Data in this exercise -
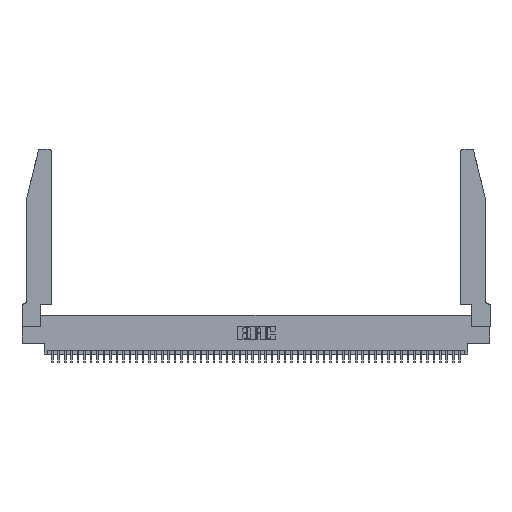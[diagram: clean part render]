
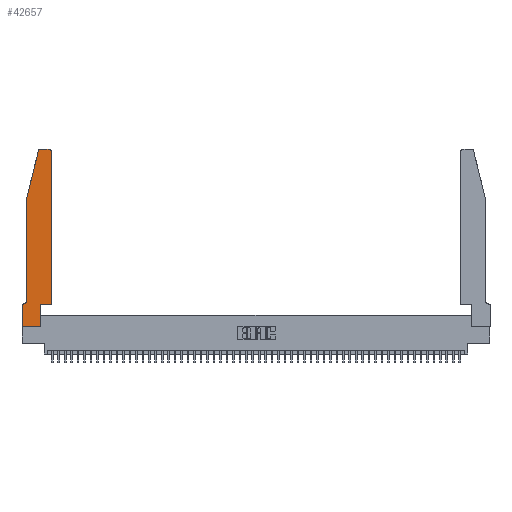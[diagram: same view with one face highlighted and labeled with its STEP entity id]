
A CAD part, top view. The second image highlights one B-rep face of the part: STEP entity #42657.
In plain terms, the highlighted planar face has unit normal (0, 0, 1).
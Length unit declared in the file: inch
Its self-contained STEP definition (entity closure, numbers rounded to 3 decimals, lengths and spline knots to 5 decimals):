
#264 = VECTOR ( 'NONE', #39468, 39.37008 ) ;
#395 = CARTESIAN_POINT ( 'NONE',  ( 0.25487, 2.72718, 0.37 ) ) ;
#2040 = VECTOR ( 'NONE', #41999, 39.37008 ) ;
#2321 = VERTEX_POINT ( 'NONE', #4814 ) ;
#2836 = ORIENTED_EDGE ( 'NONE', *, *, #44770, .T. ) ;
#3078 = ORIENTED_EDGE ( 'NONE', *, *, #12633, .T. ) ;
#3340 = CARTESIAN_POINT ( 'NONE',  ( 0.0755, 2., 0.37 ) ) ;
#4322 = EDGE_CURVE ( 'NONE', #32530, #36371, #37722, .T. ) ;
#4814 = CARTESIAN_POINT ( 'NONE',  ( 0.0755, 0.42, 0.37 ) ) ;
#5171 = CARTESIAN_POINT ( 'NONE',  ( 0.4205, 2.72, 0.37 ) ) ;
#5548 = EDGE_CURVE ( 'NONE', #45446, #30636, #25570, .T. ) ;
#7113 = CARTESIAN_POINT ( 'NONE',  ( 0.0055, 0.35, 0.37 ) ) ;
#7521 = DIRECTION ( 'NONE',  ( 0., 0., -1. ) ) ;
#7673 = LINE ( 'NONE', #17440, #34816 ) ;
#7879 = CARTESIAN_POINT ( 'NONE',  ( 0.0055, 0.42, 0.37 ) ) ;
#8147 = CIRCLE ( 'NONE', #50872, 0.03 ) ;
#9050 = CARTESIAN_POINT ( 'NONE',  ( 0.0755, 0.35, 0.37 ) ) ;
#9233 = DIRECTION ( 'NONE',  ( 1., 0., 0. ) ) ;
#10621 = ORIENTED_EDGE ( 'NONE', *, *, #47801, .T. ) ;
#10790 = LINE ( 'NONE', #37537, #2040 ) ;
#11046 = ORIENTED_EDGE ( 'NONE', *, *, #37350, .T. ) ;
#11213 = AXIS2_PLACEMENT_3D ( 'NONE', #7879, #7521, #43897 ) ;
#11496 = CARTESIAN_POINT ( 'NONE',  ( 0., 0.35, 0.37 ) ) ;
#11534 = CARTESIAN_POINT ( 'NONE',  ( 0., 0.35, 0.37 ) ) ;
#12015 = ORIENTED_EDGE ( 'NONE', *, *, #45911, .T. ) ;
#12633 = EDGE_CURVE ( 'NONE', #46436, #23998, #7673, .T. ) ;
#13132 = CARTESIAN_POINT ( 'NONE',  ( 0.284, 2.75, 0.37 ) ) ;
#13577 = AXIS2_PLACEMENT_3D ( 'NONE', #11534, #39771, #15616 ) ;
#13915 = DIRECTION ( 'NONE',  ( 0., 0., 1. ) ) ;
#14476 = DIRECTION ( 'NONE',  ( 0., -1., 0. ) ) ;
#15258 = LINE ( 'NONE', #9050, #20879 ) ;
#15616 = DIRECTION ( 'NONE',  ( 1., 0., 0. ) ) ;
#17440 = CARTESIAN_POINT ( 'NONE',  ( 0.2605, 2.75, 0.37 ) ) ;
#18295 = CARTESIAN_POINT ( 'NONE',  ( 0.284, 2.72, 0.37 ) ) ;
#19832 = EDGE_CURVE ( 'NONE', #23998, #51047, #38107, .T. ) ;
#20482 = DIRECTION ( 'NONE',  ( -1., 0., 0. ) ) ;
#20879 = VECTOR ( 'NONE', #20482, 39.37008 ) ;
#20978 = VERTEX_POINT ( 'NONE', #21714 ) ;
#21714 = CARTESIAN_POINT ( 'NONE',  ( 0.0755, 2., 0.37 ) ) ;
#21830 = DIRECTION ( 'NONE',  ( -1., 0., 0. ) ) ;
#22132 = DIRECTION ( 'NONE',  ( 0., 1., 0. ) ) ;
#22313 = CARTESIAN_POINT ( 'NONE',  ( 0.4505, 0.35, 0.37 ) ) ;
#22717 = DIRECTION ( 'NONE',  ( 0., 1., 0. ) ) ;
#23392 = CARTESIAN_POINT ( 'NONE',  ( 0.0755, 2., 0.37 ) ) ;
#23998 = VERTEX_POINT ( 'NONE', #13132 ) ;
#24445 = VECTOR ( 'NONE', #22132, 39.37008 ) ;
#25570 = LINE ( 'NONE', #26771, #46435 ) ;
#26671 = CARTESIAN_POINT ( 'NONE',  ( 0.2865, 0., 0.37 ) ) ;
#26771 = CARTESIAN_POINT ( 'NONE',  ( 0.2865, 0.35, 0.37 ) ) ;
#27048 = VERTEX_POINT ( 'NONE', #11496 ) ;
#27134 = CARTESIAN_POINT ( 'NONE',  ( 0.4505, 0.35, 0.37 ) ) ;
#27924 = PLANE ( 'NONE',  #13577 ) ;
#28871 = AXIS2_PLACEMENT_3D ( 'NONE', #18295, #13915, #30102 ) ;
#28937 = ORIENTED_EDGE ( 'NONE', *, *, #40881, .T. ) ;
#30102 = DIRECTION ( 'NONE',  ( 1., 0., 0. ) ) ;
#30154 = VERTEX_POINT ( 'NONE', #34601 ) ;
#30636 = VERTEX_POINT ( 'NONE', #33841 ) ;
#31072 = ORIENTED_EDGE ( 'NONE', *, *, #4322, .T. ) ;
#31185 = DIRECTION ( 'NONE',  ( -0.239, -0.971, 0. ) ) ;
#32530 = VERTEX_POINT ( 'NONE', #36025 ) ;
#33112 = ORIENTED_EDGE ( 'NONE', *, *, #50806, .T. ) ;
#33372 = DIRECTION ( 'NONE',  ( 0., 0., 1. ) ) ;
#33523 = VERTEX_POINT ( 'NONE', #7113 ) ;
#33622 = ORIENTED_EDGE ( 'NONE', *, *, #19832, .T. ) ;
#33841 = CARTESIAN_POINT ( 'NONE',  ( 0.2865, 0.35, 0.37 ) ) ;
#34226 = CARTESIAN_POINT ( 'NONE',  ( 0., 0., 0.37 ) ) ;
#34601 = CARTESIAN_POINT ( 'NONE',  ( 0., 0., 0.37 ) ) ;
#34607 = FACE_OUTER_BOUND ( 'NONE', #41032, .T. ) ;
#34816 = VECTOR ( 'NONE', #21830, 39.37008 ) ;
#35615 = DIRECTION ( 'NONE',  ( 1., 0., 0. ) ) ;
#36025 = CARTESIAN_POINT ( 'NONE',  ( 0.4505, 0.35, 0.37 ) ) ;
#36138 = ORIENTED_EDGE ( 'NONE', *, *, #5548, .T. ) ;
#36236 = ORIENTED_EDGE ( 'NONE', *, *, #37280, .T. ) ;
#36371 = VERTEX_POINT ( 'NONE', #41211 ) ;
#37280 = EDGE_CURVE ( 'NONE', #27048, #30154, #43178, .T. ) ;
#37350 = EDGE_CURVE ( 'NONE', #51047, #20978, #48118, .T. ) ;
#37537 = CARTESIAN_POINT ( 'NONE',  ( 0., 0., 0.37 ) ) ;
#37722 = LINE ( 'NONE', #22313, #24445 ) ;
#38107 = CIRCLE ( 'NONE', #28871, 0.03 ) ;
#38721 = VECTOR ( 'NONE', #14476, 39.37008 ) ;
#39468 = DIRECTION ( 'NONE',  ( 0., -1., 0. ) ) ;
#39771 = DIRECTION ( 'NONE',  ( 0., 0., 1. ) ) ;
#40678 = LINE ( 'NONE', #27134, #43846 ) ;
#40881 = EDGE_CURVE ( 'NONE', #30154, #45446, #10790, .T. ) ;
#41032 = EDGE_LOOP ( 'NONE', ( #3078, #33622, #11046, #48421, #2836, #12015, #36236, #28937, #36138, #33112, #31072, #10621 ) ) ;
#41211 = CARTESIAN_POINT ( 'NONE',  ( 0.4505, 2.72, 0.37 ) ) ;
#41999 = DIRECTION ( 'NONE',  ( 1., 0., 0. ) ) ;
#42657 = ADVANCED_FACE ( 'NONE', ( #34607 ), #27924, .T. ) ;
#43178 = LINE ( 'NONE', #34226, #38721 ) ;
#43784 = VECTOR ( 'NONE', #31185, 39.37008 ) ;
#43846 = VECTOR ( 'NONE', #35615, 39.37008 ) ;
#43897 = DIRECTION ( 'NONE',  ( -1., 0., 0. ) ) ;
#43928 = EDGE_CURVE ( 'NONE', #20978, #2321, #50060, .T. ) ;
#44770 = EDGE_CURVE ( 'NONE', #2321, #33523, #46846, .T. ) ;
#45446 = VERTEX_POINT ( 'NONE', #26671 ) ;
#45911 = EDGE_CURVE ( 'NONE', #33523, #27048, #15258, .T. ) ;
#46435 = VECTOR ( 'NONE', #22717, 39.37008 ) ;
#46436 = VERTEX_POINT ( 'NONE', #48128 ) ;
#46846 = CIRCLE ( 'NONE', #11213, 0.07 ) ;
#47801 = EDGE_CURVE ( 'NONE', #36371, #46436, #8147, .T. ) ;
#48118 = LINE ( 'NONE', #3340, #43784 ) ;
#48128 = CARTESIAN_POINT ( 'NONE',  ( 0.4205, 2.75, 0.37 ) ) ;
#48421 = ORIENTED_EDGE ( 'NONE', *, *, #43928, .T. ) ;
#50060 = LINE ( 'NONE', #23392, #264 ) ;
#50806 = EDGE_CURVE ( 'NONE', #30636, #32530, #40678, .T. ) ;
#50872 = AXIS2_PLACEMENT_3D ( 'NONE', #5171, #33372, #9233 ) ;
#51047 = VERTEX_POINT ( 'NONE', #395 ) ;

Exercise requirements - Return, word for word, the lines of the data above from the line with "#8147 = CIRCLE ( 'NONE', #50872, 0.03 ) ;" through the line with "#17440 = CARTESIAN_POINT", inclusive.

Answer for this exercise -
#8147 = CIRCLE ( 'NONE', #50872, 0.03 ) ;
#9050 = CARTESIAN_POINT ( 'NONE',  ( 0.0755, 0.35, 0.37 ) ) ;
#9233 = DIRECTION ( 'NONE',  ( 1., 0., 0. ) ) ;
#10621 = ORIENTED_EDGE ( 'NONE', *, *, #47801, .T. ) ;
#10790 = LINE ( 'NONE', #37537, #2040 ) ;
#11046 = ORIENTED_EDGE ( 'NONE', *, *, #37350, .T. ) ;
#11213 = AXIS2_PLACEMENT_3D ( 'NONE', #7879, #7521, #43897 ) ;
#11496 = CARTESIAN_POINT ( 'NONE',  ( 0., 0.35, 0.37 ) ) ;
#11534 = CARTESIAN_POINT ( 'NONE',  ( 0., 0.35, 0.37 ) ) ;
#12015 = ORIENTED_EDGE ( 'NONE', *, *, #45911, .T. ) ;
#12633 = EDGE_CURVE ( 'NONE', #46436, #23998, #7673, .T. ) ;
#13132 = CARTESIAN_POINT ( 'NONE',  ( 0.284, 2.75, 0.37 ) ) ;
#13577 = AXIS2_PLACEMENT_3D ( 'NONE', #11534, #39771, #15616 ) ;
#13915 = DIRECTION ( 'NONE',  ( 0., 0., 1. ) ) ;
#14476 = DIRECTION ( 'NONE',  ( 0., -1., 0. ) ) ;
#15258 = LINE ( 'NONE', #9050, #20879 ) ;
#15616 = DIRECTION ( 'NONE',  ( 1., 0., 0. ) ) ;
#17440 = CARTESIAN_POINT ( 'NONE',  ( 0.2605, 2.75, 0.37 ) ) ;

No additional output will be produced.